I treys with a table saw and your right I would have to go back in forth a lot, is there a blade I could put on there to make this


----------



## wood_chucker (Oct 18, 2012)

You co uld use a dado stack and make the cut in a single pass


----------



## Gilgaron (Mar 16, 2012)

When I make rabbets for picture frames I use a Stanley 78 I got on ebay. I usually only make small frames and it isn't worth the time to setup the router/router table. You can still buy them new, too, if you don't do eBay.

If you want a more premium plane, I would think this or this would be better than a shoulder plane.
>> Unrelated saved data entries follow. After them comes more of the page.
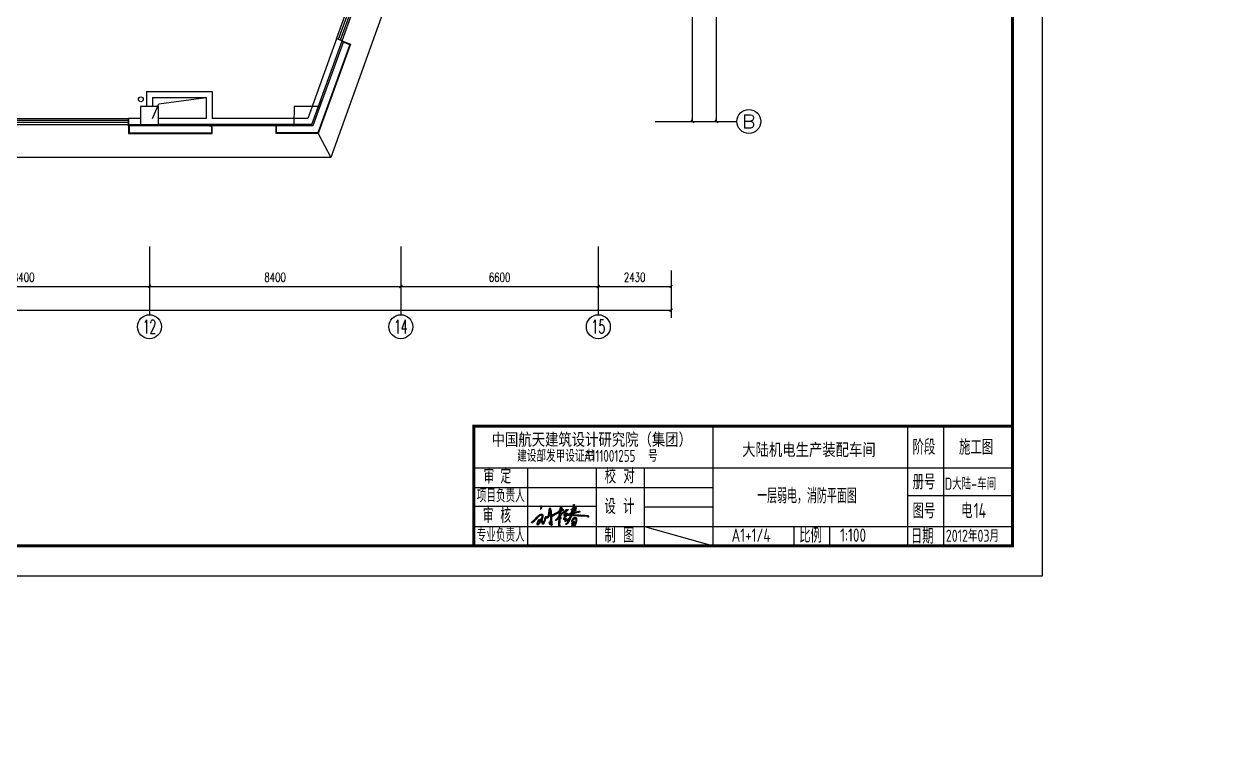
# Model space of a CAD drawing. Extents: x 2166032 to 5302137, y 581493 to 2416206.
# Drawn here: x 2624204 to 2664591, y 1173087 to 1197611 of the extents above; entities that cross this region are included whole.
import ezdxf
from ezdxf.enums import TextEntityAlignment as Align

# ---------------------------------------------------------------- set-up
doc = ezdxf.new("R2010")
doc.units = 0
doc.header["$LTSCALE"] = 1000
doc.header["$MEASUREMENT"] = 0
for name, color, linetype in [('3T_WOOD', 21, 'Continuous'), ('AXIS', 3, 'Continuous'), ('AXIS_TEXT', 7, 'Continuous'), ('COLUMN', 2, 'Continuous'), ('PUB_TEXT', 7, 'Continuous'), ('PUB_TITLE', 137, 'Continuous'), ('SURFACE', 8, 'Continuous'), ('WALL', 8, 'Continuous'), ('WINDOW', 8, 'Continuous'), ('屋面', 151, 'Continuous'), ('石材幕墙', 8, 'Continuous')]:
    doc.layers.add(name, color=color, linetype=linetype)
doc.styles.add('-黑体', font='simhei.ttf', dxfattribs={"width": 0.8})
doc.styles.add('_TCH_AXIS', font='complex_.ttf')
doc.styles.add('COMPLEX', font='complex_.ttf')
doc.styles.add('DIM_FONT', font='simplex_.ttf', dxfattribs={"width": 0.7})
doc.styles.add('TSSD_REIN', font='tssdeng.shx', dxfattribs={"width": 0.7, "bigfont": 'tssdchn.shx'})
doc.dimstyles.new('DIMN', dxfattribs={"dimtxt": 300, "dimasz": 100, "dimexe": 250, "dimexo": 300, "dimgap": 150, "dimtad": 1, "dimdec": 0, "dimzin": 0, "dimdsep": 46, "dimtxsty": 'DIM_FONT', "dimblk": 'ARCHTICK', "dimcen": 0.09, "dimclrt": 7, "dimazin": 2, "dimtfac": 1, "dimtdec": 0, "dimtix": 1, "dimtmove": 2, "dimatfit": 3, "dimldrblk": 'ARCHTICK', "dimfxl": 1, "dimtolj": 1, "dimtzin": 0, "dimarcsym": 0})

# ---------------------------------------------------------------- blocks, each defined once
blk = doc.blocks.new('$图签$00000001')
blk.add_line((-123, 6.5), (-100, 0))
at = {"layer": 'PUB_TITLE'}
for p, q in [((-100, 0), (-100, 40)), ((-35, 0), (-35, 40)), ((-23, 0), (-23, 40)), ((-180, 26), (0, 26)), ((-162, 0), (-162, 26)), ((-139, 0), (-139, 26)), ((-123, 0), (-123, 26)), ((-180, 19.5), (-100, 19.5)), ((-35, 16.86), (0, 16.86)), ((-180, 13.28), (-139, 13.28)), ((-123, 13), (-100, 13)), ((-180, 6.5), (0, 6.5)), ((-73, 0), (-73, 6.5)), ((-61, 0), (-61, 6.5))]:
    blk.add_line(p, q, dxfattribs=at)
at = {"layer": 'PUB_TITLE', "const_width": 1}
blk.add_lwpolyline([(-180, 0), (-180, 40), (0, 40)], dxfattribs=at)
at = {"layer": 'PUB_TITLE'}
blk.add_lwpolyline([(0, 40), (-180, 40), (-180, 0), (0, 0)], close=True, dxfattribs=at)
at = {"layer": 'PUB_TEXT', "style": 'TSSD_REIN'}
for s, height, width, p in [('建设部发甲设证书', 4, 0.7, (-165.53, 28.06)), ('阶段', 5, 0.8, (-33.39, 30.46)), ('施工图', 5, 0.8, (-17.87, 30.46)), ('A111001255', 4, 0.7, (-143.13, 28.06)), ('号', 4, 0.7, (-121.8, 28.06)), ('审', 5, 0.75, (-176.74, 20.78)), ('定', 5, 0.75, (-171.1, 20.78)), ('校 对', 5, 0.8, (-136.27, 20.81)), ('册号', 5, 0.8, (-33.39, 18.85)), ('D大陆-车间', 4.05, 0.75, (-22.67, 18.71)), ('项目负责人', 4.5, 0.75, (-179.02, 14.53)), ('审 核', 5, 0.75, (-176.96, 7.62)), ('设 计', 5, 0.8, (-136.37, 10.62)), ('图号', 5, 0.8, (-33.39, 9.19)), ('电', 5, 0.8, (-17.17, 9.21)), ('专业负责人', 4.5, 0.75, (-179.03, 1.3)), ('制 图', 5, 0.8, (-136.37, 1.02)), ('A1+1/4', 4.5, 0.75, (-93.87, 1.3)), ('比例', 5, 0.8, (-71.29, 1.01)), ('1:100', 4.5, 0.75, (-57.61, 1.3)), ('日期', 5, 0.8, (-33.97, 0.67)), ('2012年03月', 4.05, 0.75, (-22.29, 1.33))]:
    blk.add_text(s, height=height, dxfattribs=dict(at, width=width)).set_placement(p)
at = {"layer": 'PUB_TITLE', "color": 7, "style": '-黑体', "width": 0.8}
blk.add_text('中国航天建筑设计研究院（集团）', height=4.0889, dxfattribs=at).set_placement((-174.05, 33.5))
blk.add_text('大陆机电生产装配车间', height=4.089, dxfattribs=at).set_placement((-68.03, 30.09), align=Align.CENTER)
blk = doc.blocks.new('刘桂春')
h = blk.add_hatch()
h.set_pattern_fill('ANSI37', color=256, scale=3, style=0)
h.set_pattern_definition([(45, (0, 0), (-3.367596045, 3.367596045), []), (135, (0, 0), (-3.367596045, -3.367596045), [])])
h.paths.add_polyline_path([(1369061, -138528), (1369058, -138536), (1369053, -138542), (1369048, -138553), (1369045, -138561), (1369048, -138565), (1369054, -138563), (1369059, -138554), (1369065, -138546), (1369071, -138534), (1369075, -138527), (1369075, -138516), (1369071, -138512), (1369066, -138506), (1369055, -138505), (1369049, -138506), (1369045, -138508), (1369045, -138512), (1369053, -138518), (1369057, -138521)], flags=17)
h.paths.add_polyline_path([(1369095, -138688), (1369086, -138679), (1369080, -138673), (1369068, -138673), (1369054, -138673), (1369048, -138679), (1369038, -138679), (1369028, -138684), (1369017, -138689), (1369002, -138702), (1368988, -138716), (1368971, -138734), (1368939, -138765), (1368920, -138785), (1368902, -138805), (1368895, -138812), (1368891, -138814), (1368881, -138820), (1368872, -138828), (1368862, -138837), (1368857, -138842), (1368869, -138850), (1368883, -138847), (1368893, -138838), (1368913, -138820), (1368946, -138779), (1368990, -138736), (1369038, -138702), (1369056, -138694), (1369064, -138694), (1369081, -138694), (1369081, -138726), (1369077, -138747), (1369068, -138758), (1369068, -138769), (1369056, -138769), (1369038, -138774), (1369015, -138793), (1369000, -138806), (1368989, -138828), (1368980, -138843), (1368986, -138843), (1368993, -138832), (1369010, -138814), (1369032, -138792), (1369049, -138793), (1369056, -138798), (1369045, -138813), (1369017, -138851), (1369009, -138860), (1368994, -138879), (1368985, -138885), (1368983, -138880), (1368983, -138863), (1368980, -138854), (1368975, -138861), (1368975, -138890), (1368986, -138898), (1368996, -138892), (1369017, -138869), (1369050, -138828), (1369068, -138813), (1369070, -138820), (1369080, -138855), (1369090, -138878), (1369111, -138878), (1369124, -138848), (1369145, -138795), (1369154, -138751), (1369164, -138750), (1369178, -138757), (1369205, -138742), (1369221, -138705), (1369235, -138629), (1369236, -138598), (1369244, -138587), (1369246, -138614), (1369253, -138629), (1369252, -138720), (1369250, -138729), (1369259, -138729), (1369258, -138853), (1369267, -138854), (1369268, -138885), (1369264, -138885), (1369251, -138875), (1369237, -138851), (1369237, -138834), (1369233, -138834), (1369229, -138851), (1369236, -138867), (1369244, -138887), (1369252, -138891), (1369260, -138895), (1369270, -138904), (1369281, -138904), (1369288, -138895), (1369288, -138886), (1369281, -138880), (1369281, -138816), (1369275, -138806), (1369275, -138743), (1369279, -138734), (1369314, -138705), (1369346, -138682), (1369431, -138637), (1369444, -138629), (1369444, -138683), (1369439, -138688), (1369438, -138711), (1369416, -138730), (1369416, -138740), (1369406, -138749), (1369365, -138790), (1369358, -138800), (1369370, -138800), (1369395, -138786), (1369416, -138772), (1369427, -138764), (1369438, -138765), (1369438, -138803), (1369431, -138810), (1369432, -138919), (1369442, -138925), (1369449, -138921), (1369452, -138894), (1369445, -138883), (1369446, -138853), (1369450, -138849), (1369450, -138772), (1369474, -138767), (1369474, -138743), (1369466, -138730), (1369466, -138702), (1369472, -138692), (1369486, -138692), (1369486, -138680), (1369480, -138677), (1369484, -138671), (1369542, -138634), (1369551, -138636), (1369548, -138649), (1369543, -138681), (1369539, -138696), (1369550, -138703), (1369560, -138700), (1369577, -138685), (1369581, -138679), (1369587, -138679), (1369587, -138684), (1369583, -138687), (1369562, -138705), (1369550, -138725), (1369539, -138743), (1369525, -138765), (1369525, -138778), (1369536, -138787), (1369568, -138773), (1369574, -138783), (1369564, -138800), (1369558, -138819), (1369570, -138826), (1369583, -138818), (1369600, -138802), (1369615, -138796), (1369631, -138780), (1369638, -138776), (1369642, -138780), (1369636, -138792), (1369615, -138826), (1369605, -138851), (1369584, -138869), (1369573, -138872), (1369573, -138884), (1369591, -138884), (1369610, -138869), (1369638, -138825), (1369666, -138773), (1369693, -138704), (1369693, -138680), (1369705, -138669), (1369767, -138649), (1369821, -138632), (1369854, -138632), (1369870, -138626), (1369870, -138614), (1369864, -138606), (1369850, -138609), (1369831, -138614), (1369799, -138621), (1369732, -138645), (1369709, -138652), (1369710, -138643), (1369723, -138635), (1369742, -138625), (1369765, -138604), (1369776, -138592), (1369785, -138591), (1369784, -138573), (1369775, -138574), (1369770, -138568), (1369776, -138563), (1369792, -138550), (1369792, -138539), (1369785, -138527), (1369765, -138526), (1369765, -138535), (1369744, -138544), (1369744, -138518), (1369756, -138507), (1369751, -138500), (1369751, -138491), (1369757, -138479), (1369749, -138467), (1369737, -138467), (1369738, -138486), (1369734, -138500), (1369729, -138511), (1369729, -138533), (1369724, -138544), (1369712, -138556), (1369706, -138565), (1369698, -138564), (1369690, -138568), (1369690, -138576), (1369698, -138584), (1369709, -138587), (1369704, -138602), (1369693, -138613), (1369700, -138614), (1369699, -138621), (1369694, -138630), (1369683, -138645), (1369667, -138653), (1369637, -138668), (1369614, -138680), (1369602, -138686), (1369602, -138699), (1369607, -138699), (1369632, -138699), (1369654, -138689), (1369676, -138683), (1369672, -138696), (1369663, -138724), (1369645, -138759), (1369630, -138765), (1369613, -138782), (1369591, -138794), (1369584, -138797), (1369580, -138795), (1369584, -138789), (1369586, -138780), (1369584, -138764), (1369576, -138757), (1369567, -138759), (1369556, -138763), (1369547, -138764), (1369544, -138758), (1369553, -138743), (1369570, -138726), (1369588, -138697), (1369608, -138666), (1369608, -138651), (1369598, -138651), (1369577, -138664), (1369560, -138678), (1369562, -138668), (1369566, -138646), (1369572, -138642), (1369577, -138620), (1369596, -138607), (1369630, -138572), (1369579, -138572), (1369563, -138606), (1369555, -138611), (1369528, -138624), (1369505, -138636), (1369481, -138653), (1369459, -138663), (1369457, -138624), (1369463, -138621), (1369498, -138599), (1369522, -138591), (1369523, -138574), (1369496, -138552), (1369492, -138536), (1369470, -138524), (1369465, -138533), (1369454, -138552), (1369454, -138570), (1369446, -138590), (1369438, -138611), (1369420, -138620), (1369379, -138640), (1369340, -138660), (1369307, -138683), (1369276, -138713), (1369268, -138632), (1369268, -138605), (1369260, -138580), (1369252, -138566), (1369252, -138554), (1369240, -138542), (1369233, -138562), (1369231, -138580), (1369227, -138611), (1369222, -138638), (1369218, -138663), (1369213, -138688), (1369204, -138711), (1369189, -138734), (1369180, -138734), (1369168, -138723), (1369157, -138720), (1369152, -138730), (1369143, -138746), (1369137, -138770), (1369128, -138808), (1369123, -138820), (1369118, -138838), (1369112, -138843), (1369112, -138851), (1369107, -138856), (1369101, -138856), (1369095, -138856), (1369095, -138836), (1369089, -138832), (1369089, -138814), (1369084, -138803), (1369084, -138775), (1369090, -138762), (1369090, -138745), (1369095, -138739), (1369095, -138717)])
h.paths.add_polyline_path([(1369424, -138744), (1369427, -138740), (1369432, -138735), (1369438, -138735), (1369438, -138744), (1369433, -138748), (1369426, -138748)], flags=16)
h.paths.add_polyline_path([(1369452, -138737), (1369455, -138735), (1369459, -138735), (1369461, -138737), (1369458, -138743), (1369454, -138742), (1369452, -138743)], flags=16)
h.paths.add_polyline_path([(1369729, -138574), (1369734, -138568), (1369735, -138561), (1369744, -138561), (1369751, -138560), (1369752, -138557), (1369755, -138557), (1369759, -138552), (1369762, -138552), (1369764, -138556), (1369760, -138560), (1369756, -138563), (1369752, -138565), (1369751, -138573), (1369744, -138573), (1369741, -138578), (1369736, -138580), (1369732, -138579)], flags=16)
h.paths.add_polyline_path([(1369775, -138702), (1369781, -138708), (1369887, -138708), (1369893, -138708), (1369903, -138706), (1369914, -138710), (1369928, -138711), (1369933, -138706), (1369939, -138712), (1370025, -138714), (1370031, -138729), (1370048, -138731), (1370050, -138716), (1370045, -138706), (1370034, -138699), (1370010, -138699), (1369982, -138697), (1369975, -138691), (1369821, -138691), (1369815, -138685), (1369775, -138685), (1369751, -138685), (1369732, -138686), (1369727, -138692), (1369717, -138694), (1369709, -138694), (1369702, -138699), (1369721, -138705), (1369729, -138703), (1369741, -138699), (1369751, -138701), (1369756, -138706), (1369771, -138706)])
h.paths.add_polyline_path([(1369700, -138854), (1369699, -138915), (1369708, -138922), (1369714, -138915), (1369722, -138910), (1369718, -138905), (1369714, -138905), (1369715, -138896), (1369719, -138896), (1369727, -138890), (1369729, -138894), (1369728, -138912), (1369731, -138922), (1369738, -138926), (1369758, -138925), (1369764, -138915), (1369771, -138903), (1369780, -138889), (1369784, -138877), (1369795, -138838), (1369803, -138818), (1369808, -138786), (1369802, -138778), (1369802, -138757), (1369784, -138746), (1369748, -138746), (1369732, -138761), (1369714, -138773), (1369708, -138777), (1369708, -138794), (1369708, -138804), (1369697, -138809)])
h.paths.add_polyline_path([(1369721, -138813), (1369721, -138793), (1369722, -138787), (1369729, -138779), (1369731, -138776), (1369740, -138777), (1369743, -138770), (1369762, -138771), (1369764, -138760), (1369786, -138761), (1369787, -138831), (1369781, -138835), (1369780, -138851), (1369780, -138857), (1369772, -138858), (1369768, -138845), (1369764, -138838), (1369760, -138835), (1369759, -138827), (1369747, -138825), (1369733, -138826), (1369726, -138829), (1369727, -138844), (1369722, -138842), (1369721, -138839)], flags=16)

You can push a lot harder with a proper tote and peel off nice thick shavings.


----------



## bostonwindows (Jul 7, 2013)

Seems like a lot of work what if I was going to do about 20 for Christmas whats the best methods and easiest ??


----------



## bostonwindows (Jul 7, 2013)

I have a small craftsmen router table it will be for only this purpose, never made one and didn't know the best bit for the glass


----------



## Alan Sweet (Aug 16, 2013)

*If you do not have a router table.*

A 2' x 4' sheet of 3/4" MDF, 2 saw horses, a good plunge router and a good rabbit bit. I like P-C 890 series router. They have a nice kit with interchangeable bases for plunge and fixed. Cut a hole for the router, mount it under neath, a dressed 2 x 4 for a fence (two clamps make it adjustable). I used that for a router table for a couple tears. (But I think P-C has this kit and a small table for less than $250 now).

Then I made a Bob Villa knock off. Which I have used for almost 10 years.


----------



## Phaedrus (Jan 18, 2012)

I would avoid any operation where you have lots of sawdust from pallets--too many unknowns. Also, you are bound to find a hunk of metal in those pallet boards, or at least your bit or blade will find it and you will become abruptly aware!

Personally, I use two perpendicular cuts to notch stock for picture frames. It makes a lot of dust, but less than routing all of that. Again, pallet wood can be really nasty stuff. There are oodles of threads about it here and elsewhere on the inter webs.

Sent from my DROID RAZR MAXX using Woodworking Talk


----------



## amckenzie4 (Apr 29, 2010)

I have a Stanley #78, and it works great for stuff like this. You didn't say how big the frames are, but once you have the depth and width settings dialed in, it shouldn't take more than a minute or two for each side of the frame, at most.


----------



## Wrangler02 (Apr 15, 2011)

I use a Veritas skew rabbit plane. Works great for me.


----------



## bostonwindows (Jul 7, 2013)

I have a small router table just bought an inexpensive bit got it set table, took a few min to do so and ran a few scrap boards works great one swop done!!!


----------